INFO:root:Writing 150 rows to storage
Writing 150 rows to storage
Writing 150 rows to storage
INFO:root:Finished writing 150 rows to storage
Finished writing 150 rows to storage
Finished writing 150 rows to storage


<IPython.core.display.Javascript object>

Performance doesn't seem too bad with the naive Bayes model, however it's possible to note that the ellipses have 0 covariance, as each variable is independent of the other (apart from iris_class). To improve performance, the variables could be fully connected.

## Fully observed mixture model

In [12]:
network = bayesianpy.network.create_network()

petal_length = builder.create_continuous_variable(network, "petal_length")
petal_width = builder.create_continuous_variable(network, "petal_width")
sepal_length = builder.create_continuous_variable(network, "sepal_length")
sepal_width = builder.create_continuous_variable(network, "sepal_width")
nodes = [petal_length, petal_width, sepal_length, sepal_width]
class_variable = builder.create_discrete_variable(network, iris, 'iris_class', iris['iris_class'].unique())

for i, node in enumerate(nodes):
    builder.create_link(network, class_variable, node)
    for j in range(i+1, len(nodes)):
        builder.create_link(network, node, nodes[j])

plt.figure()
layout = bayesianpy.visual.NetworkLayout(network)
graph = layout.build_graph()
pos = layout.fruchterman_reingold_layout(graph)
layout.visualise(graph, pos)

<IPython.core.display.Javascript object>

In [13]:
with bayesianpy.data.DataSet(iris, db_folder, logger) as dataset:
    model = bayesianpy.model.NetworkModel(network, logger)
    model.train(dataset)
    
    head_variables = ['sepal_length','sepal_width','petal_length','petal_width']
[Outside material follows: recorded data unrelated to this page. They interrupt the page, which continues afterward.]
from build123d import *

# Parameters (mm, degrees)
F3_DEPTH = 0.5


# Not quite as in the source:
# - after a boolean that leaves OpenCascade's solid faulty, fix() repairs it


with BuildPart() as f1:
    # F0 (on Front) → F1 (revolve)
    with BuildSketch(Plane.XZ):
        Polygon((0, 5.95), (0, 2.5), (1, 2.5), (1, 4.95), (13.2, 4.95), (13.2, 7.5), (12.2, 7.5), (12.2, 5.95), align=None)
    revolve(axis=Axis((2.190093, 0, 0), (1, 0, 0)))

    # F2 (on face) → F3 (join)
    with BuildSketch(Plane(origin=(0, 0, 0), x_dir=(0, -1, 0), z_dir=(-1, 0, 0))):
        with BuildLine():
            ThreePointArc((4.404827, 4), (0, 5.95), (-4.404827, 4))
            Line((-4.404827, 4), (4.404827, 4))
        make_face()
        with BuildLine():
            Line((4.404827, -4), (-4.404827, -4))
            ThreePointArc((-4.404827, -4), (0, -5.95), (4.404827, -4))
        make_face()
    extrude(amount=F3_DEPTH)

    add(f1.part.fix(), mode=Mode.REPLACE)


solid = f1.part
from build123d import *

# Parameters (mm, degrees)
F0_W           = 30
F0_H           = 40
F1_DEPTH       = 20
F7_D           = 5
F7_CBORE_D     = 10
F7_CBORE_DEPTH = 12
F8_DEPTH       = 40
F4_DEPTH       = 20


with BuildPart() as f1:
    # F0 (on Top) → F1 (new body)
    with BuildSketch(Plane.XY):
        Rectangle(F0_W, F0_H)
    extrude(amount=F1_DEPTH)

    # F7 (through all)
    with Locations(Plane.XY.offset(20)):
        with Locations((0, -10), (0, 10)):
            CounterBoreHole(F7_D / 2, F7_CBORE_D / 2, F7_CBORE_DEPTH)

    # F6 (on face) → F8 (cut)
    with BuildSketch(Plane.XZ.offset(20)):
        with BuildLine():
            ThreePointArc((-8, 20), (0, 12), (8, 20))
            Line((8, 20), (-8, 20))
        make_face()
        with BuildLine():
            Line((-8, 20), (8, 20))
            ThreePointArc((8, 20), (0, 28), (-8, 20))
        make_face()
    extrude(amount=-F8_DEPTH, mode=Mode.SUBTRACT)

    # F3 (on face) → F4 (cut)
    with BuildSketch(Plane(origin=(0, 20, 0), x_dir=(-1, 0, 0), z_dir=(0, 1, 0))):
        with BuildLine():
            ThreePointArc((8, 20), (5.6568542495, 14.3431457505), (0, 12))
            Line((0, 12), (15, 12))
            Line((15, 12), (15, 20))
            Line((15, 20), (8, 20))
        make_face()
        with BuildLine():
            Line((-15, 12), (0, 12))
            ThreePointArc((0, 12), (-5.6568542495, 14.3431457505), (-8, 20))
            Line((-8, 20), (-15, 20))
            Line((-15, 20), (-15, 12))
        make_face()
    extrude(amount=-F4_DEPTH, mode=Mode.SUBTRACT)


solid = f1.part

    query_type_class = bayesianpy.model.QueryConditionalJointProbability(
            head_variables=head_variables,
                tail_variables=['iris_class'])

    engine = bayesianpy.model.InferenceEngine(network).create_engine()
    
    # pass in an inference engine so that multiple queries can be performed, or evidence can be set.
    query = bayesianpy.model.Query(network, engine, logger)
    results_class = query.execute([query_type_class], aslist=False)

    plot(head_variables, results_class)

INFO:root:Writing 150 rows to storage
Writing 150 rows to storage
Writing 150 rows to storage
INFO:root:Finished writing 150 rows to storage
Finished writing 150 rows to storage
Finished writing 150 rows to storage
INFO:root:Training model...
Training model...
Training model...
INFO:root:Finished training model
Finished training model
Finished training model


<IPython.core.display.Javascript object>

As can be seen, the ellipses are no longer axis aligned and now covary accordingly. If there are more than three clusters, and only three classes, then a latent variable can be used.